Also gives us a nice result:

[ Info: Cumulative number of methods inferred: 2
┌ Info: Inferred source:
│   result.result.src =
│    CodeInfo(
│        @ /Users/sabae/src/julia-compilerhack/AbstractInterpreterTest.jl:81 within `foo'
│    1 ─ %1 = (y * x)::Int64
│    │   %2 = (x + %1)::Int64
│    └──      return %2
└    )
[ Info: Cumulative number of methods inferred: 4
[ Info: Cumulative number of methods inferred: 4
[ Info: Cumulative number of methods inferred: 0
[ Info: Cumulative number of methods inferred: 2

[Keno]

Note that I don't think this is actually the API we want to expose to the user. Rather it's something of a private API between the compiler and some other package (potentially a standard lib) that will provide more user friendly functionality on top of it.

[staticfloat]

This is an "onboarding" project for me to get up to speed on some more compiler internals, and also hopefully build some good capabilities into the compiler in the process. :)

[Keno]

Looks like there's one additional call to typeinf_type that got missed. Also, the infer_function call is basically code_typed, so perhaps we should have a code_inference or something that returns the InferenceResult.

[Keno]

Also, there's a number of places that pull the interpreter out of the InferenceResult struct. I don't think that's workable as that will necessarily incur a dynamic dispatch. Either we pass through the interpreter as a separate argument everywhere or we parameterize the InferenceResult struct on the type of the interpreter.

[staticfloat]

@Keno here's my sketch of what we discussed earlier today; it works (you can try it out with the code samples given above) but I seem to have somehow regressed a few tests in the test/compiler/inference.jl, surprise surprise.

[Keno]

same comment here, I don't think I want this to necessarily be an argument.

[staticfloat]

How should we disambiguate this typeinf_ext(::AbstractInterpreter, ::MethodInstance) from the one above?

[Keno]

I'm a bit confused what the difference between these is supposed to be @JeffBezanson?

[Keno]

diff --git a/base/compiler/ssair/inlining.jl b/base/compiler/ssair/inlining.jl
index 593c0e1bf1..60cb76853f 100644
--- a/base/compiler/ssair/inlining.jl
+++ b/base/compiler/ssair/inlining.jl
@@ -1290,7 +1290,7 @@ function find_inferred(mi::MethodInstance, @nospecialize(atypes), sv::Optimizati
         end
     end
     if haveconst || improvable_via_constant_propagation(rettype)
-        inf_result = cache_lookup(mi, atypes, sv.interp.cache) # Union{Nothing, InferenceResult}
+        inf_result = cache_lookup(mi, atypes, get_inference_cache(sv.interp)) # Union{Nothing, InferenceResult}
     else
         inf_result = nothing
     end
@@ -1306,7 +1306,7 @@ function find_inferred(mi::MethodInstance, @nospecialize(atypes), sv::Optimizati
         end
     end
 
-    linfo = inf_for_methodinstance(Core.Compiler.NativeInterpreter(sv.world), mi, sv.world)
+    linfo = inf_for_methodinstance(sv.interp, mi, sv.world)
     if linfo isa CodeInstance
         if invoke_api(linfo) == 2
             # in this case function can be inlined to a constant

[staticfloat]

Tests are passing!
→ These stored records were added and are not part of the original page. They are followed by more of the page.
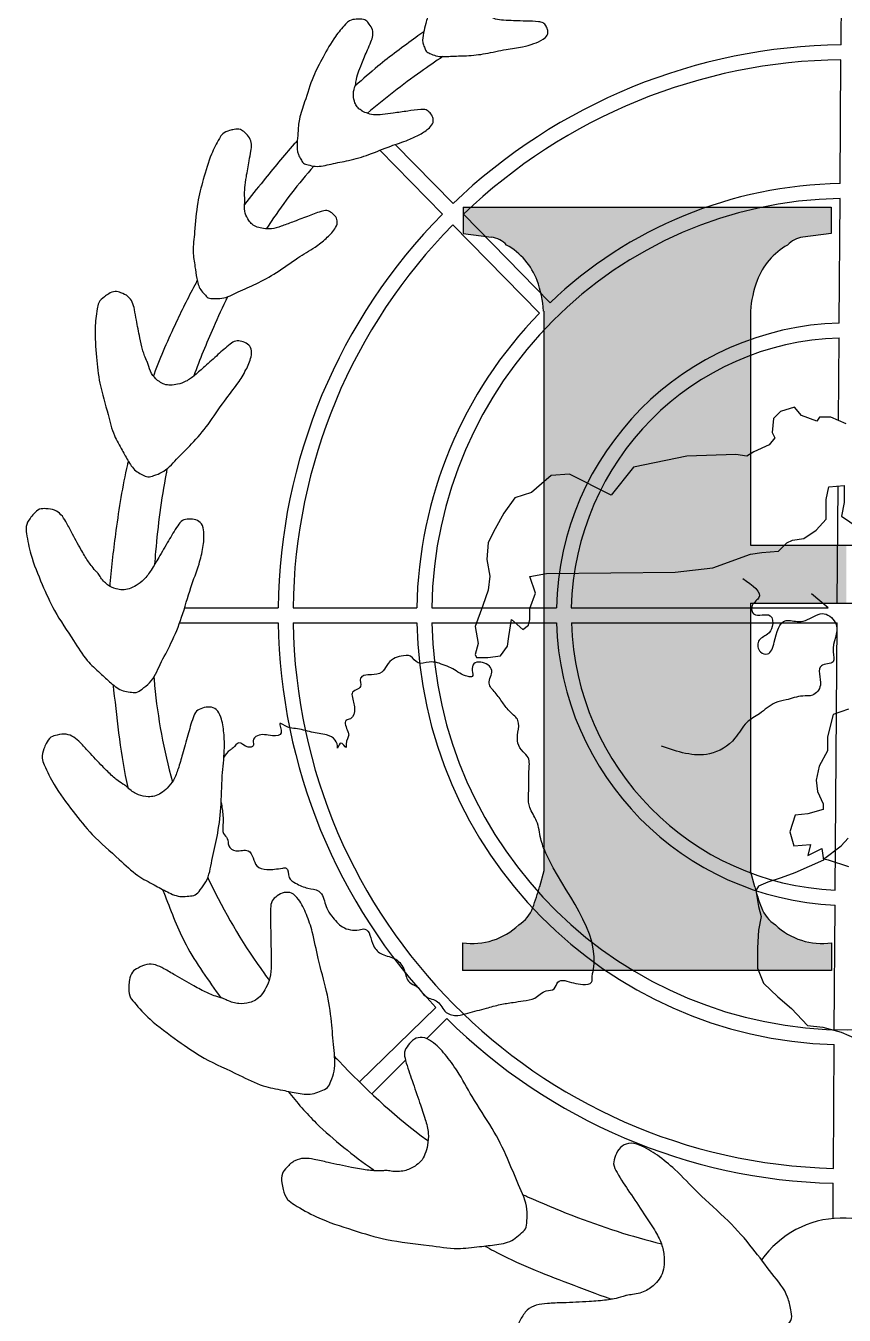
# Model space of a CAD drawing. Extents: x -2331248 to -1198620, y -977263 to -545844.
# Drawn here: x -2326467 to -2324678, y -710726 to -707908 of the extents above; entities that cross this region are included whole.
import ezdxf

# ---------------------------------------------------------------- set-up
doc = ezdxf.new("R2010")
doc.units = 0
doc.header["$LTSCALE"] = 1000
doc.header["$MEASUREMENT"] = 0
doc.layers.get('0').update_dxf_attribs({"linetype": 'CONTINUOUS'})

msp = doc.modelspace()

# ---------------------------------------------------------------- hatches: boundary and pattern name
msp.add_hatch(color=256).paths.add_polyline_path([(-2325335.1, -709754.7), (-2325344.3, -709789.6, -0.026595), (-2325358.9, -709835.4, -0.160007), (-2325389.4, -709873.2, -0.229054), (-2325512.2, -709912.4), (-2325512.2, -709972.7), (-2325109.1, -709972.7), (-2324706, -709972.7), (-2324706, -709912.4, -0.229054), (-2324828.8, -709873.2, -0.160007), (-2324859.4, -709835.4, -0.026595), (-2324874, -709789.6), (-2324883.1, -709754.7), (-2324883.1, -709170.2), (-2324673.6, -709170.2), (-2324673.6, -709043.2), (-2324883.1, -709043.2), (-2324883.1, -708531.8, -0.072496), (-2324868.8, -708465.2, -0.17836), (-2324802.2, -708387.5, -0.179281), (-2324768.8, -708370), (-2324706.9, -708362.1), (-2324706.9, -708304.4), (-2325109.1, -708304.4), (-2325511.3, -708304.4), (-2325511.3, -708362.1), (-2325449.4, -708370, -0.179281), (-2325416.1, -708387.5, -0.17836), (-2325349.4, -708465.2, -0.072496), (-2325335.1, -708531.8)])

# ---------------------------------------------------------------- linework, layer by layer
for p, q in [((-2324685.3, -707949.9), (-2324683.3, -707665.3)), ((-2324687.3, -708253), (-2324685.5, -707982.6)), ((-2325732.2, -708093.5), (-2325730.8, -708094.9)), ((-2325693, -708180.3), (-2325556.4, -708319.8)), ((-2325659.6, -708167.7), (-2325533.2, -708296.8)), ((-2324689.4, -708557.9), (-2324687.6, -708285.6)), ((-2325511.3, -708304.4), (-2325511.3, -708362.1)), ((-2325511.3, -708304.4), (-2324706.9, -708304.4)), ((-2325510.4, -708320.2), (-2325321.2, -708513.4)), ((-2324706.9, -708304.4), (-2324706.9, -708362.1)), ((-2325533.6, -708343.1), (-2325344.5, -708536.3)), ((-2325511.3, -708362.1), (-2325449.4, -708370)), ((-2324706.9, -708362.1), (-2324768.8, -708370)), ((-2325335.1, -708531.8), (-2325335.1, -709754.7)), ((-2324883.1, -708531.8), (-2324883.1, -709043.2)), ((-2324690.9, -708770.9), (-2324689.7, -708590.5)), ((-2324693.7, -709170.2), (-2324691.9, -708914.3)), ((-2324883.1, -709043.2), (-2324464.1, -709043.2)), ((-2324883.1, -709170.2), (-2324883.1, -709754.7)), ((-2324883.1, -709170.2), (-2324464.1, -709170.2)), ((-2324713.8, -709180.1), (-2324749.8, -709149.3)), ((-2326119.6, -709180.1), (-2325915.2, -709180.1)), ((-2325882.6, -709180.1), (-2325612.2, -709180.1)), ((-2325579.6, -709180.1), (-2325307.4, -709180.1)), ((-2325274.7, -709180.1), (-2324713.8, -709180.1)), ((-2326130.4, -709212.7), (-2325915.2, -709212.7)), ((-2325882.5, -709212.7), (-2325612.1, -709212.7)), ((-2325579.5, -709212.7), (-2325307.3, -709212.7)), ((-2325274.6, -709212.7), (-2324694, -709212.7)), ((-2324698, -709797.1), (-2324694, -709212.7)), ((-2325335.1, -709754.7), (-2325344.3, -709789.6)), ((-2324874, -709789.6), (-2324883.1, -709754.7)), ((-2324700.1, -710103.5), (-2324698.2, -709829.7)), ((-2325512.2, -709912.4), (-2325512.2, -709972.7)), ((-2324706, -709912.4), (-2324706, -709972.7)), ((-2324706, -709972.7), (-2325512.2, -709972.7)), ((-2325737.7, -710216.2), (-2325570.7, -710053.5)), ((-2325590.3, -710121.6), (-2325546.8, -710077.8)), ((-2324702.2, -710405.1), (-2324700.3, -710134.6)), ((-2325710.5, -710242.5), (-2325637, -710168.6)), ((-2324702.9, -710513.6), (-2324702.4, -710437.7))]:
    msp.add_line(p, q)
at = {"color": 1}
for points in [[(-2324674.4, -708778.4), (-2324708, -708763.2), (-2324732.4, -708763.2), (-2324738.5, -708772.3), (-2324772.1, -708760.1), (-2324787.4, -708741.8), (-2324817.9, -708751), (-2324833.2, -708766.2), (-2324836.2, -708796.7), (-2324830.1, -708808.9), (-2324842.3, -708824.2), (-2324875.9, -708839.4), (-2324891.2, -708848.6), (-2324915.6, -708845.5), (-2325022.5, -708848.6), (-2325138.5, -708873), (-2325187.4, -708934), (-2325279, -708888.3), (-2325318.7, -708891.3), (-2325340, -708909.6), (-2325361.4, -708927.9), (-2325398.1, -708940.1), (-2325422.5, -708973.7), (-2325440.8, -709007.3), (-2325456.1, -709037.8), (-2325459.1, -709074.4), (-2325453, -709111), (-2325456.1, -709141.5), (-2325468.3, -709175.1), (-2325484.6, -709221.3), (-2325478.5, -709257.9), (-2325484.6, -709282.3), (-2325481.5, -709288.4), (-2325457.1, -709288.4), (-2325429.6, -709285.3), (-2325414.3, -709264), (-2325411.3, -709242.6), (-2325405.2, -709206), (-2325380.8, -709227.4), (-2325368.5, -709218.2), (-2325365.5, -709206), (-2325365.5, -709181.6), (-2325353.3, -709148), (-2325365.5, -709111.4), (-2325328.9, -709105.3), (-2325047.9, -709102.3), (-2324965.5, -709093.1), (-2324883.1, -709062.6), (-2324858.6, -709059.5), (-2324822, -709056.5), (-2324803.7, -709038.2), (-2324791.5, -709032.1), (-2324767, -709029), (-2324739.5, -709010.7), (-2324718.2, -708986.3), (-2324718.2, -708943.6), (-2324712.1, -708916.1), (-2324678.5, -708913.1), (-2324678.5, -708949.7), (-2324684.6, -708980.2), (-2324647.9, -709004.6)], [(-2324669.3, -709401.3), (-2324702.9, -709413.5), (-2324715.1, -709462.3), (-2324715.1, -709492.8), (-2324733.4, -709526.4), (-2324739.5, -709556.9), (-2324736.5, -709581.3), (-2324724.3, -709608.8), (-2324724.3, -709621), (-2324757.9, -709630.1), (-2324785.3, -709633.2), (-2324797.6, -709669.8), (-2324788.4, -709700.3), (-2324751.8, -709697.2), (-2324757.9, -709721.6), (-2324727.3, -709706.4), (-2324723.6, -709731.5), (-2324786.4, -709759.1), (-2324815.9, -709770.2), (-2324845.4, -709779.4), (-2324865.7, -709788.6), (-2324871.3, -709797.9), (-2324865.7, -709832.9), (-2324860.2, -709855), (-2324865.7, -709884.5), (-2324867.6, -709923.3), (-2324867.6, -709967.5), (-2324854.7, -710000.7), (-2324823.3, -710030.2), (-2324793.8, -710056), (-2324758.7, -710092.9), (-2324725.5, -710096.6), (-2324684.9, -710107.7), (-2324651.7, -710122.4)], [(-2324668.3, -709746.2), (-2324712.6, -709731.5), (-2324723.6, -709729.6), (-2324684.9, -709700.1), (-2324670.1, -709683.5)]]:
    msp.add_lwpolyline(points, dxfattribs=at)
for centre, radius, start, end in [((-2324671.2, -709194), 1244.1, 90.6474, 133.856), ((-2324671.2, -709194), 1211.5, 90.6755, 133.8417), ((-2324671.2, -709194), 941.1, 90.983, 133.6857), ((-2324671.2, -709194), 908.5, 91.0325, 179.1258), ((-2324671.2, -709194), 1244.1, 135.3592, 179.3616), ((-2324671.2, -709194), 1211.5, 135.3854, 179.3444), ((-2325456.3, -708423.7), 54.1, 42.0433, 82.6996), ((-2324762, -708423.7), 54.1, 97.3004, 137.9567), ((-2325488.2, -708516.8), 148.1, 20.3964, 60.8482), ((-2324730, -708516.8), 148.1, 119.1518, 159.6036), ((-2325570.8, -708547.5), 236.2, 3.8106, 20.3964), ((-2324647.5, -708547.5), 236.2, 159.6036, 176.1894), ((-2324671.2, -709194), 941.1, 135.673, 179.1561), ((-2324671.2, -709194), 636.3, 91.6431, 178.7518), ((-2324671.2, -709194), 603.7, 91.7533, 178.6843), ((-2324671.2, -709194), 1244.1, 180.8649, 223.6998), ((-2324671.2, -709194), 1211.5, 180.8882, 268.5351), ((-2324671.2, -709194), 941.1, 181.1433, 268.2277), ((-2324671.2, -709194), 908.5, 181.1844, 358.8156), ((-2324671.2, -709194), 636.3, 181.6911, 267.5675), ((-2324671.2, -709194), 603.7, 181.7825, 267.4573), ((-2325781.6, -709675.3), 452, 339.2565, 345.3501), ((-2324436.7, -709675.3), 452, 194.6499, 200.7435), ((-2325431.7, -709807.8), 77.9, 302.8938, 339.2565), ((-2324786.5, -709807.8), 77.9, 200.7435, 237.1062), ((-2325491.3, -709765.7), 148.1, 261.8736, 313.4788), ((-2324726.9, -709765.7), 148.1, 226.5212, 278.1264), ((-2324671.2, -709194), 1244.1, 225.2684, 268.5632), ((-2324682.6, -710729.3), 215.6, 37.5741, 144.9041)]:
    msp.add_arc(centre, radius, start, end)
for points, knots in [([(-2325463.7, -707827.1), (-2325463.6, -707826.4), (-2325460.5, -707817.2), (-2325456.2, -707808), (-2325443.8, -707787.4), (-2325432.1, -707769.2), (-2325421, -707752.8), (-2325414.1, -707740.7), (-2325412.4, -707728), (-2325416.9, -707717.5), (-2325422.3, -707707.1), (-2325432.2, -707704.1), (-2325442.8, -707702.3), (-2325454.2, -707701.7), (-2325469.4, -707713), (-2325492, -707731.9), (-2325517.5, -707763.7), (-2325546.9, -707801.3), (-2325565.6, -707840.9), (-2325585.6, -707874), (-2325591.8, -707901.5), (-2325598.1, -707923.6), (-2325601, -707942), (-2325595.8, -707954.6), (-2325593, -707964.7), (-2325582.1, -707969.2), (-2325565.3, -707977), (-2325537.2, -707974.2), (-2325501.5, -707974.2), (-2325460.5, -707969.8), (-2325420.4, -707959.7), (-2325384.6, -707955.5), (-2325357.3, -707948), (-2325338.7, -707940.3), (-2325326.3, -707930.1), (-2325325, -707918.2), (-2325329.5, -707909.2), (-2325335.9, -707900.6), (-2325352, -707898.5), (-2325373.2, -707898.1), (-2325398.8, -707897.2), (-2325421.3, -707896.5), (-2325439.4, -707894.8), (-2325452.7, -707888.4), (-2325462.5, -707881.5), (-2325469.3, -707873.4), (-2325472.6, -707862.6), (-2325473.6, -707849.2), (-2325469.2, -707837.1), (-2325464.7, -707830.2), (-2325463.9, -707827.5), (-2325463.7, -707827)], [13.077213, 13.077213, 13.077213, 13.077213, 13.120526, 13.560263, 14.011793, 14.691864, 15.094349, 15.38576, 15.650406, 15.951091, 16.170089, 16.426599, 16.623019, 16.932745, 17.173585, 17.897756, 18.998414, 19.984356, 21.206376, 22.026155, 22.651219, 23.14138, 23.642442, 23.881721, 24.094079, 24.321994, 24.651393, 25.387501, 26.19836, 27.15922, 28.228555, 29.073063, 29.655064, 30.184934, 30.476632, 30.707368, 30.947902, 31.171247, 31.411907, 32.016305, 32.678016, 33.180541, 33.586718, 33.920223, 34.188456, 34.423672, 34.634205, 34.965314, 35.339812, 35.497413, 35.533576, 35.533576, 35.533576, 35.533576]), ([(-2325745.6, -708034.4), (-2325745.6, -708033.6), (-2325743.9, -708023), (-2325741, -708012.1), (-2325731.3, -707987.1), (-2325721.9, -707965.1), (-2325712.9, -707944.9), (-2325707.7, -707930.4), (-2325708.1, -707916.1), (-2325715.1, -707905.5), (-2325723, -707895.2), (-2325734.4, -707893.7), (-2325746.4, -707893.8), (-2325759, -707895.3), (-2325773.4, -707910.6), (-2325794.6, -707935.6), (-2325816.4, -707975.3), (-2325841.5, -708022), (-2325854.5, -708068.9), (-2325870.1, -708108.9), (-2325871.6, -708140.2), (-2325874.2, -708165.6), (-2325874, -708186.3), (-2325865.9, -708199.2), (-2325860.9, -708209.6), (-2325848, -708212.5), (-2325828.2, -708217.8), (-2325797.9, -708209.5), (-2325758.9, -708202.7), (-2325714.9, -708190.1), (-2325672.8, -708171.3), (-2325634.5, -708159.9), (-2325606, -708146.5), (-2325587.2, -708134.5), (-2325575.5, -708121), (-2325576.3, -708107.8), (-2325582.9, -708098.8), (-2325591.6, -708090.5), (-2325609.6, -708091.4), (-2325632.9, -708094.9), (-2325661.2, -708098.8), (-2325685.9, -708102.3), (-2325706, -708103.9), (-2325721.7, -708099.5), (-2325733.9, -708093.7), (-2325742.8, -708086.2), (-2325748.5, -708074.9), (-2325752.1, -708060.5), (-2325749.6, -708046.4), (-2325746, -708038), (-2325745.6, -708034.9), (-2325745.5, -708034.3)], [13.077213, 13.077213, 13.077213, 13.077213, 13.120526, 13.560263, 14.011793, 14.691864, 15.094349, 15.38576, 15.650406, 15.951091, 16.170089, 16.426599, 16.623019, 16.932745, 17.173585, 17.897756, 18.998414, 19.984356, 21.206376, 22.026155, 22.651219, 23.14138, 23.642442, 23.881721, 24.094079, 24.321994, 24.651393, 25.387501, 26.19836, 27.15922, 28.228555, 29.073063, 29.655064, 30.184934, 30.476632, 30.707368, 30.947902, 31.171247, 31.411907, 32.016305, 32.678016, 33.180541, 33.586718, 33.920223, 34.188456, 34.423672, 34.634205, 34.965314, 35.339812, 35.497413, 35.533576, 35.533576, 35.533576, 35.533576]), ([(-2325597.1, -707921.3), (-2325602.8, -707925.4), (-2325636.6, -707949.9), (-2325687.7, -707987.5), (-2325730.2, -708024.8), (-2325746.6, -708039.2), (-2325746.6, -708039.2)], [3.217272, 3.217272, 3.217272, 3.217272, 3.652302, 5.825507, 7.179914, 7.186565, 7.186565, 7.186565, 7.186565]), ([(-2325555.5, -707975.5), (-2325571.5, -707986.4), (-2325628.1, -708025.4), (-2325682.8, -708067.4), (-2325720.3, -708099.5)], [3.293663, 3.293663, 3.293663, 3.293663, 4.503387, 7.588139, 7.588139, 7.588139, 7.588139]), ([(-2325987.9, -708288), (-2325988.1, -708287.2), (-2325988.8, -708275.4), (-2325988.4, -708263), (-2325984.2, -708233.9), (-2325979.6, -708207.9), (-2325974.8, -708184.1), (-2325972.8, -708167.3), (-2325976.8, -708152), (-2325986.9, -708142.3), (-2325997.9, -708133.3), (-2326010.5, -708134.5), (-2326023.3, -708137.5), (-2326036.5, -708142.2), (-2326048.2, -708162.1), (-2326064.7, -708194.2), (-2326078.4, -708242.1), (-2326093.7, -708298.4), (-2326096.1, -708351.8), (-2326103, -708398.6), (-2326097, -708432.5), (-2326093.6, -708460.3), (-2326088.2, -708482.5), (-2326076.3, -708494.3), (-2326068.4, -708504.2), (-2326053.9, -708504.2), (-2326031.3, -708505), (-2326001, -708488.6), (-2325960.8, -708471.7), (-2325916.7, -708447.4), (-2325876.2, -708416.9), (-2325837.9, -708395.3), (-2325810.7, -708373.9), (-2325793.4, -708356.5), (-2325784.2, -708339.1), (-2325788.3, -708325.1), (-2325797.7, -708317.1), (-2325809, -708310.4), (-2325828.1, -708315.7), (-2325852.2, -708325.2), (-2325881.5, -708336.3), (-2325907.2, -708346.2), (-2325928.3, -708352.8), (-2325946.3, -708351.9), (-2325960.7, -708348.8), (-2325972.2, -708342.9), (-2325981.1, -708332.2), (-2325988.5, -708317.6), (-2325989.3, -708301.9), (-2325987.5, -708292), (-2325987.8, -708288.6), (-2325987.8, -708287.9)], [13.077213, 13.077213, 13.077213, 13.077213, 13.120526, 13.560263, 14.011793, 14.691864, 15.094349, 15.38576, 15.650406, 15.951091, 16.170089, 16.426599, 16.623019, 16.932745, 17.173585, 17.897756, 18.998414, 19.984356, 21.206376, 22.026155, 22.651219, 23.14138, 23.642442, 23.881721, 24.094079, 24.321994, 24.651393, 25.387501, 26.19836, 27.15922, 28.228555, 29.073063, 29.655064, 30.184934, 30.476632, 30.707368, 30.947902, 31.171247, 31.411907, 32.016305, 32.678016, 33.180541, 33.586718, 33.920223, 34.188456, 34.423672, 34.634205, 34.965314, 35.339812, 35.497413, 35.533576, 35.533576, 35.533576, 35.533576]), ([(-2325873.4, -708159.4), (-2325875.6, -708161.8), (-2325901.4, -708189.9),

All that remains now is for @JeffBezanson to illuminate to us the difference between the two typeinf_ext() methods are, then I'll be ready for another round of feedback.

[JeffBezanson]

typeinf_ext(linfo::MethodInstance, world::UInt) is the "outermost" entry point, called e.g. during dynamic dispatch to infer a new specialization. Basically all it does is wrap the world in a Params object, and then call the other typeinf_ext method. But the other typeinf_ext method assumes we have a Method object, which is not true for top-level expressions. So the first typeinf_ext also handles that case directly.

[staticfloat]

Great; in that case it makes sense to me to rename it to typeinf_ext_toplevel(), to hint that it doesn't make the same assumptions as the other method. That gives us the freedom to get rid of the extra world::UInt parameter.

[Keno]

I've rebased this. Of course this doesn't do much by itself, but I think it's a nice cleanup, so I'd like to get it merged and build on top of it in future PRs.

[vtjnash]

I'm still concerned this "Abstract" type is really a concretion, and is nonsensical to "abstract" over, as we don't want this API to be stable.

[Keno]

Yes, I understand this API isn't fully formed, but we need to start somewhere to enable exploration and I think this goes in the right direction. The point here is to be able to hook into inference at various points that are interesting (right now primarily the caching logic). As we go along, we can figure out if there is a certain number of interesting cases (e.g. fully-static, partially static, etc.) and provide them in Base, or if we need to provide something semi-stable externally, but let's start here.

[Keno]

On further reflection, let's wait until after the 1.5 branch, so this API has a chance to mature at least a little bit during the 1.6 cycle, since I know there are a fair amount of external consumers that are reaching directly into these internal APIs (which is part of what this line of work is designed to help with by giving more sane higher level entry points).

[vtjnash]

As I said before in other channels, and in the unaddressed comment just before you merged this, I still think this may significantly misrepresent the design and stability of the existing code, as there's very little that seems to me to be "abstract" about this PR.

[JeffBezanson]

NativeInterpreter?

[JeffBezanson]

Core.Compiler.NativeInterpreter(...)

[JeffBezanson]

Is this used anywhere?